> [Exercise] Answer with one number: the count of lines in this material that hold the word "VariantControlMode".

> [Material for this exercise]
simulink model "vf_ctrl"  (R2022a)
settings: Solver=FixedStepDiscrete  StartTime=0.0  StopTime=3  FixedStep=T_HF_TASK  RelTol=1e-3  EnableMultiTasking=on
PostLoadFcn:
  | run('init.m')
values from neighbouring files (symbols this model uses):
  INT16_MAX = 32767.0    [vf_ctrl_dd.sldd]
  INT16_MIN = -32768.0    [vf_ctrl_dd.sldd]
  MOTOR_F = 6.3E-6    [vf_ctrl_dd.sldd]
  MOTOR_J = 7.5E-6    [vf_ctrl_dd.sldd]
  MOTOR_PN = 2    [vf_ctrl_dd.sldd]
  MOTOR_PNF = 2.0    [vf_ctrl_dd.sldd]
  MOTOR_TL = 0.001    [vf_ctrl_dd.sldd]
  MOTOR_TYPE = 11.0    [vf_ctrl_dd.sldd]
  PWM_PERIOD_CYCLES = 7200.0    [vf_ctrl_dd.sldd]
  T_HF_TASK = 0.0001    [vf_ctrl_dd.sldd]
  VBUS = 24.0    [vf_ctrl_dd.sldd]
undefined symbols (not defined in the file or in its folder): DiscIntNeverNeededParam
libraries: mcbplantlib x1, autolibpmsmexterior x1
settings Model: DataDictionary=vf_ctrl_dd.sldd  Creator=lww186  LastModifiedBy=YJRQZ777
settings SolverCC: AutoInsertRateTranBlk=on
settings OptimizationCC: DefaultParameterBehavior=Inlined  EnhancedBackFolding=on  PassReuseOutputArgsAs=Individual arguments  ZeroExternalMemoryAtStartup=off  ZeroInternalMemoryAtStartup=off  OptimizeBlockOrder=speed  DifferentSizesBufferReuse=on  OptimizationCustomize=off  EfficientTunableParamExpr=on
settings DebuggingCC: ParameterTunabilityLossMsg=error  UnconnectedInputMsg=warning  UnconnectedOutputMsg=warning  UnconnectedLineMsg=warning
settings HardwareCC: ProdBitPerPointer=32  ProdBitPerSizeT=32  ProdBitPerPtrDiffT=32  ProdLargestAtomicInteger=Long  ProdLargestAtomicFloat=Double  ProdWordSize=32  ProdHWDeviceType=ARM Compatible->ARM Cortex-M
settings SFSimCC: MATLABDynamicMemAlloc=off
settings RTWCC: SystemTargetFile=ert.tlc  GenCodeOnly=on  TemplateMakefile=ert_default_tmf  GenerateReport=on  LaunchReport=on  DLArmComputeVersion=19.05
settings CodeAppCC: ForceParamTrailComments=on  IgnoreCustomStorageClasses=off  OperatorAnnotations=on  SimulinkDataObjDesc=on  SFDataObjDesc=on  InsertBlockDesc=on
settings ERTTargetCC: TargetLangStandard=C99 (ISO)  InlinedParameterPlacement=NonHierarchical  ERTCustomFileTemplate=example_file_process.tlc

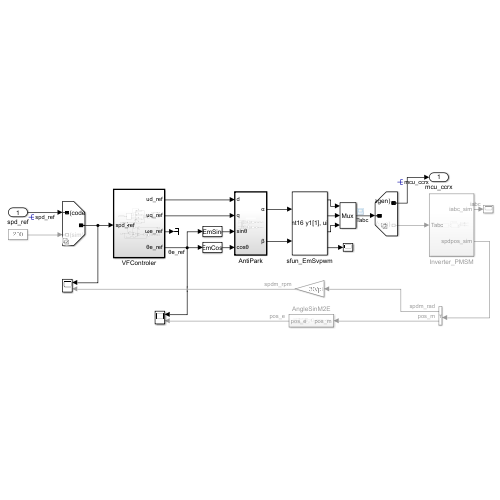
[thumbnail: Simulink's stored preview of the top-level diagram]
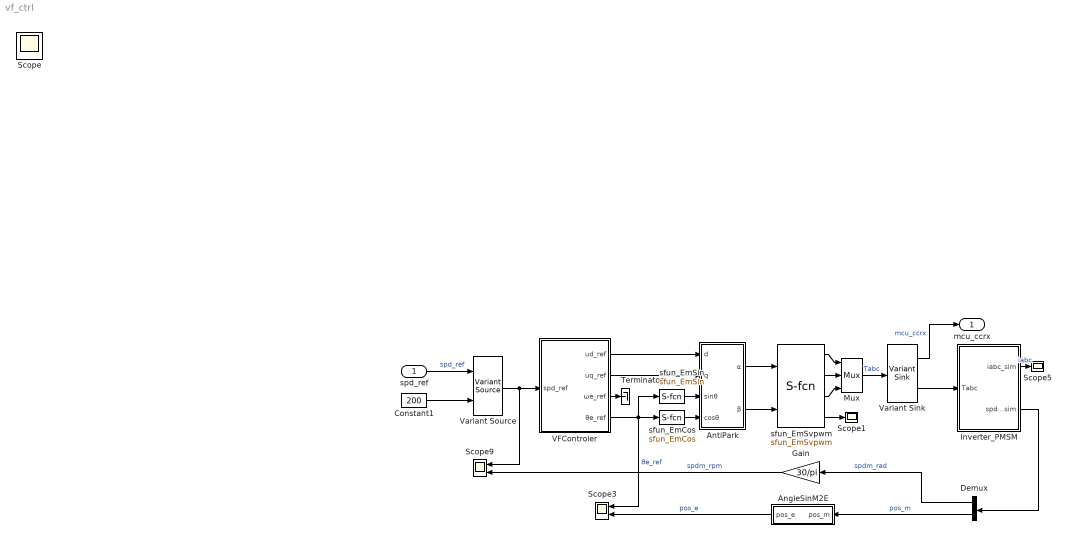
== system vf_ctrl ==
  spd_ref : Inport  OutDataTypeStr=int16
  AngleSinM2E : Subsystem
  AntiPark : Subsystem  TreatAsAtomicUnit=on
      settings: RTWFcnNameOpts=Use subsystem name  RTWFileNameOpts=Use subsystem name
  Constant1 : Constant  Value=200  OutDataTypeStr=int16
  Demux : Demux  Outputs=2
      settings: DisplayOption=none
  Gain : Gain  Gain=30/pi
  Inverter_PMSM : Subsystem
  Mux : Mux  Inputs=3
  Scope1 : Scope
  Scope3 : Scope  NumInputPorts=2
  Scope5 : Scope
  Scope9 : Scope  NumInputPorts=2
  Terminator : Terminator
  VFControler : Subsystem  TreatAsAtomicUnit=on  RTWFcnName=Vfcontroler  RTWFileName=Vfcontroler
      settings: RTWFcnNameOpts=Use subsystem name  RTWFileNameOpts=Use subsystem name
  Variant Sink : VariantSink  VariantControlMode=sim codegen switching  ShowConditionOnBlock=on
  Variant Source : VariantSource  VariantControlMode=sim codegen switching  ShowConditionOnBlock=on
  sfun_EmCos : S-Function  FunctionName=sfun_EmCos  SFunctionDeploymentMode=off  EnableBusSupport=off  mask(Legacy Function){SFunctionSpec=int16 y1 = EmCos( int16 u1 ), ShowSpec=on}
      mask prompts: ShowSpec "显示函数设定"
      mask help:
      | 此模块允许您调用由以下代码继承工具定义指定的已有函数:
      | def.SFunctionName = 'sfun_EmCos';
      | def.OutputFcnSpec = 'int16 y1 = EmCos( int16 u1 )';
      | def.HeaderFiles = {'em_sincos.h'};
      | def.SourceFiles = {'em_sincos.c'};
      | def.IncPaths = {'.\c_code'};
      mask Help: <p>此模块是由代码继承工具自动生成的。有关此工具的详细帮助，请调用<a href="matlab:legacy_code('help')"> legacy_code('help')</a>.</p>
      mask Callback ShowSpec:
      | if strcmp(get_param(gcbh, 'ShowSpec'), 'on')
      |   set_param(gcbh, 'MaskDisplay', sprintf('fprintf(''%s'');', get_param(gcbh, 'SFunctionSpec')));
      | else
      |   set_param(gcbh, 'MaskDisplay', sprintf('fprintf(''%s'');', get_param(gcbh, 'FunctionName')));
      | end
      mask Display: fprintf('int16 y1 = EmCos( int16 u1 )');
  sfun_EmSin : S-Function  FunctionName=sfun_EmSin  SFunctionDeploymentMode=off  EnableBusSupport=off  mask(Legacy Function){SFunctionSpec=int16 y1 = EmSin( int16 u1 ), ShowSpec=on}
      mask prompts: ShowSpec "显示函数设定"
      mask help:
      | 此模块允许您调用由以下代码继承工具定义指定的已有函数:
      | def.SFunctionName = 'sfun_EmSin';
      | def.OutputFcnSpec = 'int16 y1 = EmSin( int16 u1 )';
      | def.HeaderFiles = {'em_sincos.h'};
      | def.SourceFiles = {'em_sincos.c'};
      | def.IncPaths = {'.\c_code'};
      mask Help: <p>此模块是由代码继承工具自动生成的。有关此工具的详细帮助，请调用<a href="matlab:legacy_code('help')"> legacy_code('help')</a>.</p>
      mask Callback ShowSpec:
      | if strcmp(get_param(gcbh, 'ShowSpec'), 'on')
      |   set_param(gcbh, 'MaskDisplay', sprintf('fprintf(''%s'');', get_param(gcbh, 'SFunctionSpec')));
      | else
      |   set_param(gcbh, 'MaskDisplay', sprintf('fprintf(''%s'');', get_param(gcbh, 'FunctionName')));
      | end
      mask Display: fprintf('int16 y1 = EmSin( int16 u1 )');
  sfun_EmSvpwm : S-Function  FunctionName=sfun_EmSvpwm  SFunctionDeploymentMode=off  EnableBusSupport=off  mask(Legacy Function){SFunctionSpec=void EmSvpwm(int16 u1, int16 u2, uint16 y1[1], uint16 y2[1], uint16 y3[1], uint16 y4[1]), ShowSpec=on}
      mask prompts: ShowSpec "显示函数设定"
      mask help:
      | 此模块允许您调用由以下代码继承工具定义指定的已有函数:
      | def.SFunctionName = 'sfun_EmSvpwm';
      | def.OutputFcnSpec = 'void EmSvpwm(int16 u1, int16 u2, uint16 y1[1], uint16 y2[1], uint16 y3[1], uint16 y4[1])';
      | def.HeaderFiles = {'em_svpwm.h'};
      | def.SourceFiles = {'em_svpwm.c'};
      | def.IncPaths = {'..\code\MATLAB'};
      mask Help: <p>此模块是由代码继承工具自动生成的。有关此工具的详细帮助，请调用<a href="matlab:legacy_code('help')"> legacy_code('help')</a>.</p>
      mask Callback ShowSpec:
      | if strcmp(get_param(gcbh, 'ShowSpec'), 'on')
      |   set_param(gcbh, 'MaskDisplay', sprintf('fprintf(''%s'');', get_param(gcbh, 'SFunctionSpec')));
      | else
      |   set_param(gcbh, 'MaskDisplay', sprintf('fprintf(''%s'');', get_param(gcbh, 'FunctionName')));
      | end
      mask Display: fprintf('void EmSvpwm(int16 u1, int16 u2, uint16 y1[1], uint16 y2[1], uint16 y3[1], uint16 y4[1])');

> [Solution to this task] 2